In childhood disintegrative disorder, there significant loss of previously acquired skills in at least two of the following areas - expressive or receptive language, social skills, bowel or bladder control, play behaviour or motor skills. In our patient also, there was marked loss of most of the above mentioned skills. The core features of CDD are loss of communication skills, marked regression of reciprocal interactions and the onset of stereotyped movements and compulsive behavior. In our patient, these features were present.
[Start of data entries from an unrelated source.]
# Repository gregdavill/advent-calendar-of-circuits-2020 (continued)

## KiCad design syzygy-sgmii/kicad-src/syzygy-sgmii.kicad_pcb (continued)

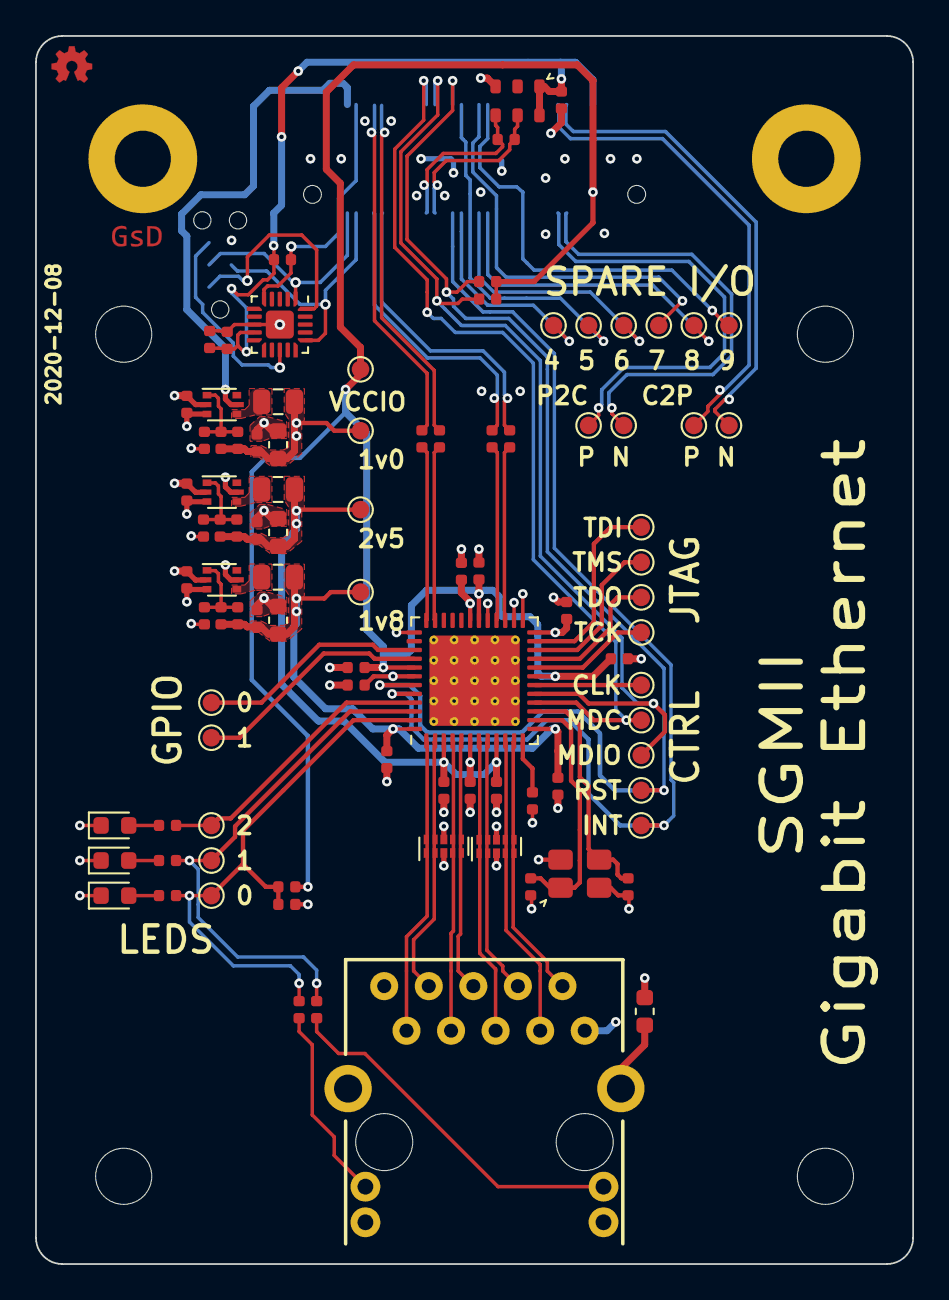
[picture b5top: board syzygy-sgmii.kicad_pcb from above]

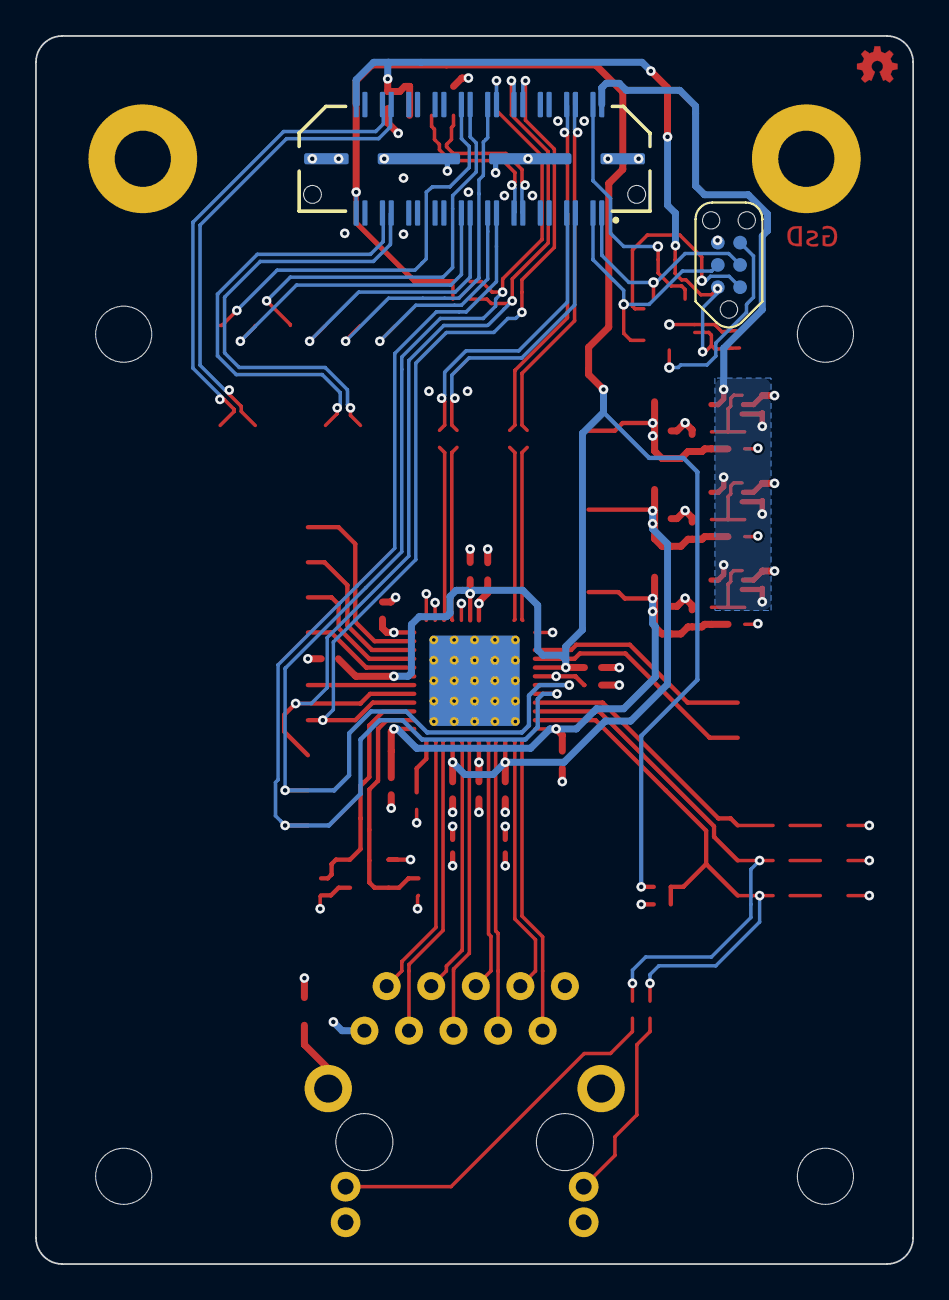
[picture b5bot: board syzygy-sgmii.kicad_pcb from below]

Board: 4 copper layers, 50.0 x 70.0 mm, 101 parts (2 on the bottom side), 69 nets.

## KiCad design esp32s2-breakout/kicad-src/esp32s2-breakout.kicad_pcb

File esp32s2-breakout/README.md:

# ESP32s2 Breakout

---

## What is it

ESP32S2 + Sharp memory LCD + prototyping area

## Folder structure

```
kicad-src: KiCad v6 source files
production:
 - Gerbers:      [project]_gerbers.zip
 - Schematic:    [project].pdf
 - Board render: [project].png
```

## Render

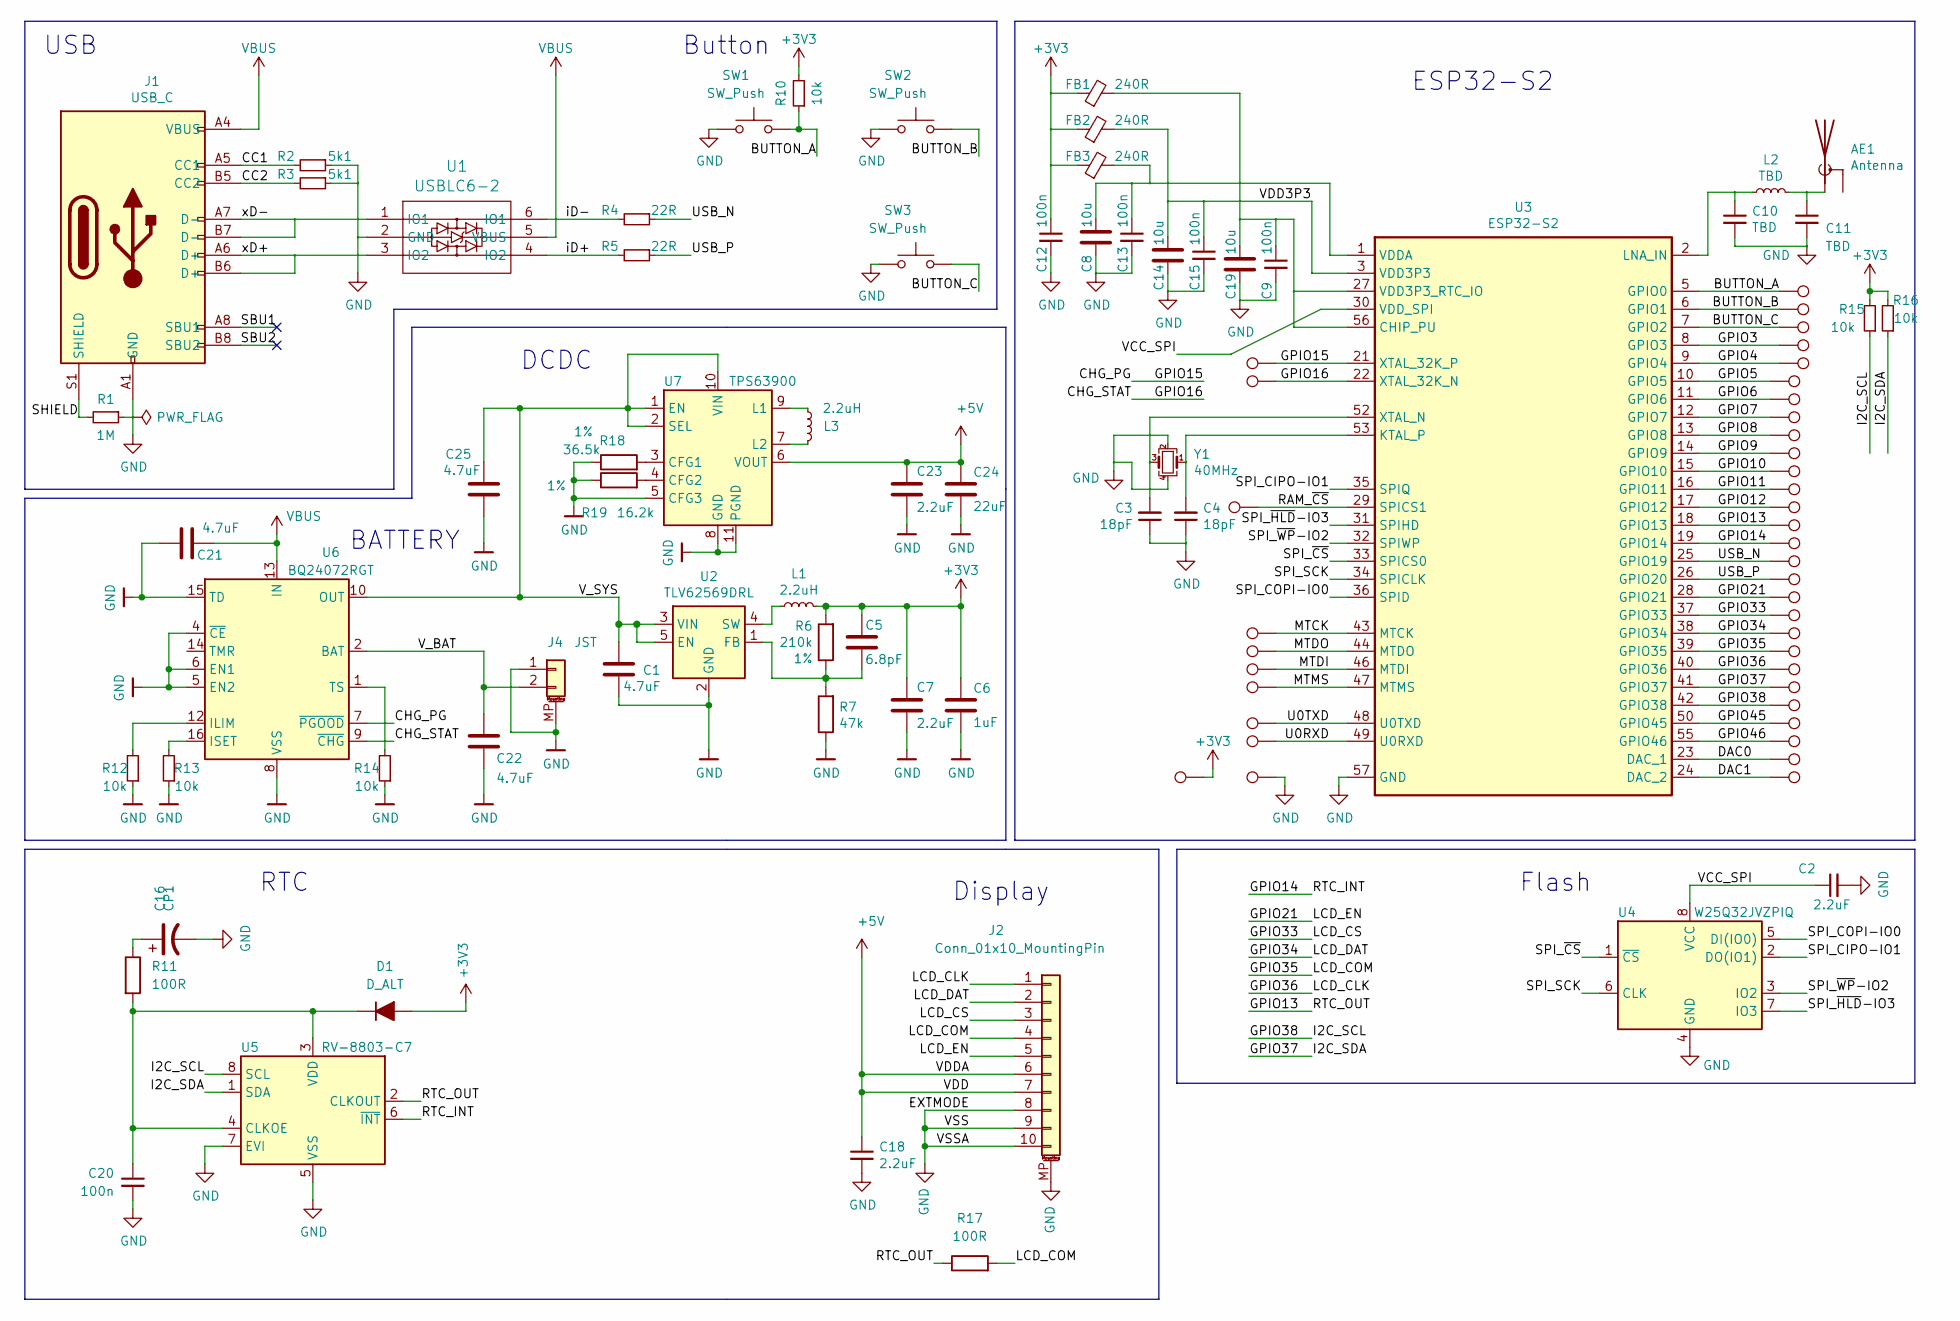
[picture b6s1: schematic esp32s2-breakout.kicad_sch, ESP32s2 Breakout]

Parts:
AE1: Antenna; Ant_3216
C1, C21, C22, C25: 4.7uF; C_0402_1005Metric
C2, C7, C18, C23: 2.2uF; C_0402_1005Metric
C3, C4: 18pF; C_0402_1005Metric
C5: 6.8pF; C_0402_1005Metric
C6: 1uF; C_0402_1005Metric
C8, C14, C19: 10u; C_0603_1608Metric
C9, C12, C13, C15, C20: 100n; C_0402_1005Metric
C10, C11: TBD; C_0402_1005Metric
C16: CP1; BatteryHolder_Seiko_MS621F
C24: 22uF; C_0603_1608Metric
D1: D_ALT; D_SOD-523
FB1, FB2, FB3: 240R; L_0402_1005Metric
J1: USB_C; USB_C_Receptacle_HRO_TYPE-C-31-M-12
J2: Conn_01x10_MountingPin; Hirose_FH33-10S-0.5SH_1x10-1MP_P0.50mm_Horizontal
J4: JST; BM02B-GHS-TBT
L1, L3: 2.2uH; L_0805_2012Metric
L2: TBD; L_0402_1005Metric
R1: 1M; R_0402_1005Metric
R2, R3: 5k1; R_0402_1005Metric
R4, R5: 22R; R_0402_1005Metric
R6: 210k; R_0402_1005Metric
R7: 47k; R_0402_1005Metric
R10, R12, R13, R14, R15, R16: 10k; R_0402_1005Metric
R11, R17: 100R; R_0402_1005Metric
R18: 36.5k; R_0402_1005Metric
R19: 16.2k; R_0402_1005Metric
SW1, SW2, SW3: SW_Push; SW_SPST_PTS810
TP1, TP2, TP3, TP4, TP5, TP6, TP7, TP8, TP9, TP10, TP11, TP12, TP13, TP14, TP15, TP16, TP17, TP18, TP19, TP20, TP21, TP22, TP23, TP24, TP25, TP26, TP27, TP28, TP29, TP30, TP31, TP32, TP33, TP34, TP35, TP36, TP37, TP38, TP39: TestPoint; TestPoint_Pad_1.0x1.0mm
U1: USBLC6-2; SOT-666
U2: TLV62569DRL; SOT-666
U3: ESP32-S2; QFN-56-1EP_7x7mm_P0.4mm_EP5.6x5.6mm
U4: W25Q32JVZPIQ; WSON-8-1EP_6x5mm_P1.27mm_EP3.4x4mm
U5: RV-8803-C7; RTC_SMD_MicroCrystal_C3_2.5x3.7mm
U6: BQ24072RGT; VQFN-16-1EP_3x3mm_P0.5mm_EP1.6x1.6mm
U7: TPS63900; WSON-10-1EP_2.5x2.5mm_P0.5mm_EP1.2x2mm_ThermalVias
Y1: 40MHz; Crystal_SMD_4Pin_2.0x1.6mm

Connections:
+3V3: C5.1, C6.1, C7.1, C12.1, D1.2 (A), FB1.1, FB2.1, FB3.1, L1.2, R6.2, R10.2, R15.2, R16.2, TP39.1; also elsewhere on the board
+5V: C18.1, C23.1, C24.1, J2.6, J2.7, U7.6 (VOUT)
/BUTTON_A: R10.1, SW1.2, TP35.1, U3.5 (GPIO0)
/BUTTON_B: SW2.2, TP36.1, U3.6 (GPIO1)
/BUTTON_C: SW3.2, TP37.1, U3.7 (GPIO2)
/CC1: J1.A5 (CC1), R2.2
/CC2: J1.B5 (CC2), R3.2
/DAC0: TP31.1, U3.23 (DAC_1)
/DAC1: TP32.1, U3.24 (DAC_2)
/GPIO3: TP9.1, U3.8 (GPIO3)
/GPIO4: TP8.1, U3.9 (GPIO4)
/GPIO5: TP10.1, U3.10 (GPIO5)
/GPIO6: TP11.1, U3.11 (GPIO6)
/GPIO7: TP12.1, U3.12 (GPIO7)
/GPIO8: TP13.1, U3.13 (GPIO8)
/GPIO9: TP14.1, U3.14 (GPIO9)
/GPIO10: TP15.1, U3.15 (GPIO10)
/GPIO11: TP16.1, U3.16 (GPIO11)
/GPIO12: TP17.1, U3.17 (GPIO12)
/GPIO14: TP19.1, U3.19 (GPIO14), U5.6 (~INT)
/GPIO15: TP33.1, U3.21 (XTAL_32K_P), U6.7 (~PGOOD)
/GPIO16: TP34.1, U3.22 (XTAL_32K_N), U6.9 (~CHG)
/GPIO21: J2.5, TP22.1, U3.28 (GPIO21)
/GPIO33: J2.3, TP23.1, U3.37 (GPIO33)
/GPIO34: J2.2, TP24.1, U3.38 (GPIO34)
/GPIO35: J2.4, R17.2, TP25.1, U3.39 (GPIO35)
/GPIO36: J2.1, TP26.1, U3.40 (GPIO36)
/GPIO37: R16.1, TP27.1, U3.41 (GPIO37), U5.1 (SDA)
/GPIO38: R15.1, TP28.1, U3.42 (GPIO38), U5.8 (SCL)
/GPIO45: TP29.1, U3.50 (GPIO45)
/GPIO46: TP30.1, U3.55 (GPIO46)
/MTCK: TP1.1, U3.43 (MTCK)
/MTDI: TP3.1, U3.46 (MTDI)
/MTDO: TP2.1, U3.44 (MTDO)
/MTMS: TP4.1, U3.47 (MTMS)
/RAM_~CS: TP38.1, U3.29 (SPICS1)
/RTC_OUT: R17.1, TP18.1, U3.18 (GPIO13), U5.2 (CLKOUT)
/SBU1: J1.A8 (SBU1)
/SBU2: J1.B8 (SBU2)
/SHIELD: J1.S1 (SHIELD), R1.2
/SPI_CIPO-IO1: U3.35 (SPIQ), U4.2 (DO(IO1))
/SPI_COPI-IO0: U3.36 (SPID), U4.5 (DI(IO0))
/SPI_SCK: U3.34 (SPICLK), U4.6 (CLK)
/SPI_~CS: U3.33 (SPICS0), U4.1 (~CS)
/SPI_~HLD~-IO3: U3.31 (SPIHD), U4.7 (IO3)
/SPI_~WP~-IO2: U3.32 (SPIWP), U4.3 (IO2)
/U0RXD: TP6.1, U3.49 (U0RXD)
/U0TXD: TP5.1, U3.48 (U0TXD)
/USB_N: R4.1, TP20.1, U3.25 (GPIO19)
/USB_P: R5.1, TP21.1, U3.26 (GPIO20)
/VCC_SPI: C2.1, U3.30 (VDD_SPI), U4.8 (VCC)
/VDD3P3: C14.1, C15.1, FB2.2, U3.3 (VDD3P3), U3.4 (VDD3P3)
/V_BAT: C22.2, J4.2, U6.2 (BAT), U6.3 (BAT)
/V_SYS: C1.1, C25.1, U2.3 (VIN), U2.5 (EN), U6.10 (OUT), U6.11 (OUT), U7.1 (EN), U7.2 (SEL), U7.10 (VIN)
/iD+: R5.2, U1.4 (IO2)
/iD-: R4.2, U1.6 (IO1)
/xD+: J1.A6 (D+), J1.B6 (D+), U1.3 (IO2)
/xD-: J1.A7 (D-), J1.B7 (D-), U1.1 (IO1)
GND: C1.2, C2.2, C3.1, C4.1, C6.2, C7.2, C8.2, C9.2, C10.2, C11.2, C12.2, C13.2, C14.2, C15.2, C16.2, C18.2, C19.2, C20.2, C21.1, C22.1, C23.2, C24.2, C25.2, J1.A1 (GND), J1.A12 (GND), J1.B1 (GND), J1.B12 (GND), J2.8, J2.9, J2.10, J2.MP (MountPin), J4.1, J4.MP (MountPin), R1.1, R2.1, R3.1, R7.1, R12.1, R13.1, R14.1, R18.1, R19.1, SW1.1, SW2.1, SW3.1, TP7.1, U1.2 (GND), U2.2 (GND), U3.57 (GND), U4.4 (GND), U5.5 (VSS), U5.7 (EVI), U6.4 (~CE), U6.5 (EN2), U6.6 (EN1), U6.8 (VSS), U6.15 (TD), U6.17 (VSS), U7.5 (CFG3), U7.8 (GND), U7.11 (PGND), Y1.2, Y1.4; also elsewhere on the board
unnamed: AE1.1 (A), C11.1, L2.2
unnamed: C3.2, U3.52 (XTAL_N), Y1.3
unnamed: C4.2, U3.53 (KTAL_P), Y1.1
unnamed: C5.2, R6.1, R7.2, U2.1 (FB)
unnamed: C10.1, L2.1, U3.2 (LNA_IN)
unnamed: C8.1, C13.1, FB3.2, U3.1 (VDDA), U3.51 (VDDA), U3.54 (VDDA)
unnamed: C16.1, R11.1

In most cases the intellectual deficit becomes static or shows some amount of recovery. In our patient this was seen. The patient showed significant regression of milestones within short span of time and non-progressive course after that.
The present case report aims to alert the clinicians about the possibility of developing CDD, when seeing a case of chicken pox, especially when there is presence of regression of developmental milestones.